Section 16 — Cross-Border Data Transfer ⚠️

Mphasis transfers data globally to its subsidiaries and third-party service providers.

Gap: The policy uses standard contractual clauses (SCCs) for transfers. While this works for GDPR, the DPDP Act (Section 16) allows the Central Government to restrict transfers to certain countries.

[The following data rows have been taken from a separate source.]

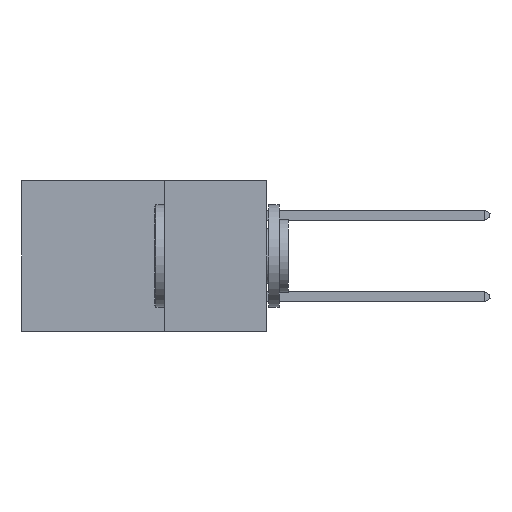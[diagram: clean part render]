
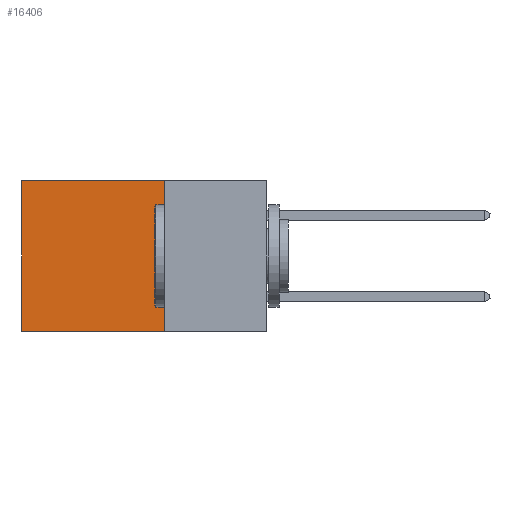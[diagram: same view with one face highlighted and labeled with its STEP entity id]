
A CAD part, left-side view. The second image highlights one B-rep face of the part: STEP entity #16406.
In plain terms, the highlighted planar face has unit normal (-1, 0, 0).
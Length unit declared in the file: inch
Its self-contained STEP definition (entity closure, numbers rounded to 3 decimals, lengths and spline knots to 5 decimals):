
#681 = CARTESIAN_POINT ( 'NONE',  ( 0.2875, 0.25, 0. ) ) ;
#1119 = LINE ( 'NONE', #31741, #17788 ) ;
#3461 = ORIENTED_EDGE ( 'NONE', *, *, #20181, .T. ) ;
#4446 = CARTESIAN_POINT ( 'NONE',  ( 0.2875, 0.25, 0. ) ) ;
#5886 = DIRECTION ( 'NONE',  ( 0., 1., 0. ) ) ;
#8870 = EDGE_CURVE ( 'NONE', #32077, #16356, #19377, .T. ) ;
#9573 = EDGE_CURVE ( 'NONE', #33086, #16284, #31115, .T. ) ;
#9996 = VECTOR ( 'NONE', #30030, 39.37008 ) ;
#12397 = PLANE ( 'NONE',  #26488 ) ;
#16284 = VERTEX_POINT ( 'NONE', #24730 ) ;
#16356 = VERTEX_POINT ( 'NONE', #24920 ) ;
#16406 = ADVANCED_FACE ( 'NONE', ( #30206 ), #12397, .F. ) ;
#16577 = ORIENTED_EDGE ( 'NONE', *, *, #17675, .F. ) ;
#17155 = CARTESIAN_POINT ( 'NONE',  ( 0.2875, 0.25, 0. ) ) ;
#17179 = DIRECTION ( 'NONE',  ( 0., 0., -1. ) ) ;
#17416 = DIRECTION ( 'NONE',  ( 1., 0., 0. ) ) ;
#17675 = EDGE_CURVE ( 'NONE', #32077, #33086, #28901, .T. ) ;
#17788 = VECTOR ( 'NONE', #24148, 39.37008 ) ;
#18721 = VECTOR ( 'NONE', #19229, 39.37008 ) ;
#19229 = DIRECTION ( 'NONE',  ( 0., 0., -1. ) ) ;
#19377 = LINE ( 'NONE', #17155, #21020 ) ;
#20181 = EDGE_CURVE ( 'NONE', #16356, #16284, #1119, .T. ) ;
#21020 = VECTOR ( 'NONE', #5886, 39.37008 ) ;
#22632 = CARTESIAN_POINT ( 'NONE',  ( 0.2875, 0.25, 0. ) ) ;
#24148 = DIRECTION ( 'NONE',  ( 0., 0., -1. ) ) ;
#24192 = ORIENTED_EDGE ( 'NONE', *, *, #9573, .F. ) ;
#24271 = ORIENTED_EDGE ( 'NONE', *, *, #8870, .T. ) ;
#24730 = CARTESIAN_POINT ( 'NONE',  ( 0.2875, 0.6, -0.37 ) ) ;
#24920 = CARTESIAN_POINT ( 'NONE',  ( 0.2875, 0.6, 0. ) ) ;
#26110 = CARTESIAN_POINT ( 'NONE',  ( 0.2875, 0.25, -0.37 ) ) ;
#26488 = AXIS2_PLACEMENT_3D ( 'NONE', #4446, #17416, #17179 ) ;
#27305 = CARTESIAN_POINT ( 'NONE',  ( 0.2875, 0.25, -0.37 ) ) ;
#28776 = EDGE_LOOP ( 'NONE', ( #3461, #24192, #16577, #24271 ) ) ;
#28901 = LINE ( 'NONE', #681, #18721 ) ;
#30030 = DIRECTION ( 'NONE',  ( 0., 1., 0. ) ) ;
#30206 = FACE_OUTER_BOUND ( 'NONE', #28776, .T. ) ;
#31115 = LINE ( 'NONE', #27305, #9996 ) ;
#31741 = CARTESIAN_POINT ( 'NONE',  ( 0.2875, 0.6, 0. ) ) ;
#32077 = VERTEX_POINT ( 'NONE', #22632 ) ;
#33086 = VERTEX_POINT ( 'NONE', #26110 ) ;

Mphasis’s policy has not yet integrated the “Negative List” approach or the specific notification requirements of the Indian government.

Risk Assessment

CategoryRisk LevelDPDP SectionFindings
Notice ComplianceHighSection 5No regional language support; notice not provided at every point of collection.
Consent GranularityMediumSection 6Marketing consent is partially bundled with site usage.
Data ErasureHighSection 9Lacks specific “right to be forgotten” triggers aligned with Indian law.
Principal RightsMediumSection 14Missing the ‘Right to Nominate’ entirely.
Grievance PathLowSection 12Grievance officer is present, but DPB escalation is not mentioned.
SecurityLowSection 8Strong encryption and access control disclosures.

Final Analyst Note

Mphasis’s privacy policy is “compliance-adjacent”—it meets the spirit of DPDP through its GDPR-heavy framework but fails the technical letter of the Indian law. To reach a score above 80, the company must introduce a specific “India Addendum” that addresses Section 14 (Nomination), Section 5 (Regional Language Notices), and provides a clearer mechanism for the “Right to Withdraw Consent” that is as easy as the “Right to Give Consent.”